To confirm that the observed virus-neutralizing activity was due to antibodies and not to nonspecific inhibition by other components of the serum, we purified IgG from sera of six of the rabbits and used these in our assays. Three rabbits had received AN1-EnvB immunogens, and three had received the HIV-1 SF162 immunogens. IgG and the corresponding sera (Table 2) were tested in the M7-luc system. For this subset of samples, we obtained titers for 50% neutralization of each isolate, allowing more precise quantitation of activity in the serum. All week 80 IgG samples had strong neutralizing activity against HIV-1 SF162, with 50% inhibitory concentration (IC₅₀) values from 1.6 μg/ml to 61 μg/ml; likewise, the sera from which they were purified had high titers against this virus, from 1:494 up to 1:4,176. The sera with the highest titers yielded the IgG samples with the lowest IC₅₀ values, as expected. IgG from two of the six also had strong activity, and one showed weak activity, against Bx08. In this set of assays, no significant neutralization of isolate 6101 was found. Weak neutralization of BaL was noted in all serum samples, and sporadic low-level activity against three other isolates was noted in several sera, but not in the corresponding IgG; this may be due to the limits of detection of the assay. IgG samples from week 5 had no detectable activity at the highest concentrations tested. These data demonstrate that the observed neutralizing activity of the rabbit sera is attributable in large part to IgG.

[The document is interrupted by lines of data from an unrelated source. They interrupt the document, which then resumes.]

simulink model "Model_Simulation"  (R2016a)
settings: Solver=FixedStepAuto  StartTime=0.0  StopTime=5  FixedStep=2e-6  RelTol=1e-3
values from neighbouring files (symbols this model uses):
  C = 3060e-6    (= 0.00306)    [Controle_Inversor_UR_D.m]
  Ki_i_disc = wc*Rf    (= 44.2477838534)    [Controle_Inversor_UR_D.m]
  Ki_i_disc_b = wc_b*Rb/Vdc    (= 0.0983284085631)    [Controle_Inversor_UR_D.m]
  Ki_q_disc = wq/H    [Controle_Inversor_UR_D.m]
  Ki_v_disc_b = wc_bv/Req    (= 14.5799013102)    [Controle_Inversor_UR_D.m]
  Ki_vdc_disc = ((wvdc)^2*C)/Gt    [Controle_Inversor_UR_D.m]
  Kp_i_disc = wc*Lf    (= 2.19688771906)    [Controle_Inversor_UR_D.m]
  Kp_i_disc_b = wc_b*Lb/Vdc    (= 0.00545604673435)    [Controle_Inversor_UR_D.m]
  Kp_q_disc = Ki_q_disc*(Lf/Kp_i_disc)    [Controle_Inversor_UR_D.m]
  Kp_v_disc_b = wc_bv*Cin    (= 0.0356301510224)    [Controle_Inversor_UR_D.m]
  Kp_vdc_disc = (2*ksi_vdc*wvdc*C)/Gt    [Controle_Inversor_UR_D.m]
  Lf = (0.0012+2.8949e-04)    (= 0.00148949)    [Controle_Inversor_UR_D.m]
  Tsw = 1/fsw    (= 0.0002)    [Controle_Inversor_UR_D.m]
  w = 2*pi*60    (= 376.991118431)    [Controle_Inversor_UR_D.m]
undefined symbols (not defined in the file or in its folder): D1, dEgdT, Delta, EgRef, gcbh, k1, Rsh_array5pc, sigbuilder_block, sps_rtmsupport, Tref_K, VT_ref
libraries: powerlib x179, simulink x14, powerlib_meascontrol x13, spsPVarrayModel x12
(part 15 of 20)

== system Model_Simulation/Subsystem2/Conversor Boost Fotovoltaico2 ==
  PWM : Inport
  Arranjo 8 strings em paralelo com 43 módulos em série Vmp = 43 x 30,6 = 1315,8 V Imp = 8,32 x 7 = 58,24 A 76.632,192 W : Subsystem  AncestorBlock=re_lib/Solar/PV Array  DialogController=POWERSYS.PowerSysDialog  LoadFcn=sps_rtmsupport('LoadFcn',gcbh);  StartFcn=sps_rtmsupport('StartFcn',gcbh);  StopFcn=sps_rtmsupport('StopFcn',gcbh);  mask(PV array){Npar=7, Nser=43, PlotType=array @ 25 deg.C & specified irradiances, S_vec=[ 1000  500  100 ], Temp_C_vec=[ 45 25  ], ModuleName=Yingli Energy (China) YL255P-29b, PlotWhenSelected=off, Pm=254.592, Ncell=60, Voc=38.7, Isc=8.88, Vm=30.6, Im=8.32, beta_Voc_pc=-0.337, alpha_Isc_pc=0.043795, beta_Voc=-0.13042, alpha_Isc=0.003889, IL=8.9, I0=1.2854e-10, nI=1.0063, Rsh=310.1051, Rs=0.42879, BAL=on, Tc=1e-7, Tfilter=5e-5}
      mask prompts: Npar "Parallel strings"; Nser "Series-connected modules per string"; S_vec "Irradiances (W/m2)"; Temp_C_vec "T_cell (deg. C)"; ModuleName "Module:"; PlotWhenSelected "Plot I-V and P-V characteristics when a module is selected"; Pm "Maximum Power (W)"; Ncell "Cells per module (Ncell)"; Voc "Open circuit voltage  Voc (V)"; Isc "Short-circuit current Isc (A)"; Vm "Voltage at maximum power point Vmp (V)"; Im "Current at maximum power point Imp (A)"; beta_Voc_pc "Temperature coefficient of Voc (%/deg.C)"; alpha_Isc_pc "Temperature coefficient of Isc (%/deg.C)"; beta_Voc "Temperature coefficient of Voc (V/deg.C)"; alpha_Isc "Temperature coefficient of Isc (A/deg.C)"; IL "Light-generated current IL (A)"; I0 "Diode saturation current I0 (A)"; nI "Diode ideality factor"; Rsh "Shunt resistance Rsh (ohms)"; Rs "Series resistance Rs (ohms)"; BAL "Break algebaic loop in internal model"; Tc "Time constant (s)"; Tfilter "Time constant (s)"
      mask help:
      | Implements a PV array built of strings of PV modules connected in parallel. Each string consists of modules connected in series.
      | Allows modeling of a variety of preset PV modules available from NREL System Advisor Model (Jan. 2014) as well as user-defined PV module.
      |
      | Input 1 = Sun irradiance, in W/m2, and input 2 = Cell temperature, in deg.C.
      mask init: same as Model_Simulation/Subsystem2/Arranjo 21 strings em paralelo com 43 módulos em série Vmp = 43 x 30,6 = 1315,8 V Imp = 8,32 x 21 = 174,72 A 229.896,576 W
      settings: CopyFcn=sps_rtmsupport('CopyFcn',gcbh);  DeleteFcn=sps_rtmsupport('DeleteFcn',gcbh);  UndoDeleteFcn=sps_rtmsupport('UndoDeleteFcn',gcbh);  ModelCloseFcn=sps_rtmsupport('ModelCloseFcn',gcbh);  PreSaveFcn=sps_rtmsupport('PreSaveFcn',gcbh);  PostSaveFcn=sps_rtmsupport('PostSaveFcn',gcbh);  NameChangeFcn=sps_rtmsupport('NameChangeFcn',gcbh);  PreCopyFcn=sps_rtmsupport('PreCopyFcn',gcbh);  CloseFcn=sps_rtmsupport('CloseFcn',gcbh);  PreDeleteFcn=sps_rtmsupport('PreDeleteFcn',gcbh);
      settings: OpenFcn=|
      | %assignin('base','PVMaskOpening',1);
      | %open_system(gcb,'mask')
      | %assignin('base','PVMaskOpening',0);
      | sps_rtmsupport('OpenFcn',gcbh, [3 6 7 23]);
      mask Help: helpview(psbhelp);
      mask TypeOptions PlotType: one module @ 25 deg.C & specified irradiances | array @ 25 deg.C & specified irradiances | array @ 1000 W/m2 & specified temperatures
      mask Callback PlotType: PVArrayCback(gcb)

Comparing data across the two assays, we found that five of the eight primary heterologous clade B viruses tested were weakly neutralized by AN1-Env B sera. The clade B viral amino acid sequences used here were, on average, 9% distant from AN1-EnvB and 13% from HIV-1 SF162. The non-B amino acid sequences were on average 24% and 22% divergent from AN1-EnvB and SF162, respectively. Within the clade B group, neutralization of individual viruses by vaccinated rabbit sera did not correlate with total sequence distance between the vaccine immunogen and the tested virus. The number of viruses neutralized by serum from each rabbit was not statistically different between the AN1-EnvB- and SF162-immunized rabbit groups (Mann-Whitney U test). Overall, the neutralizing antibodies elicited both by AN1-EnvB and by HIV-1 SF162 immunogens had modest potencies and breadth.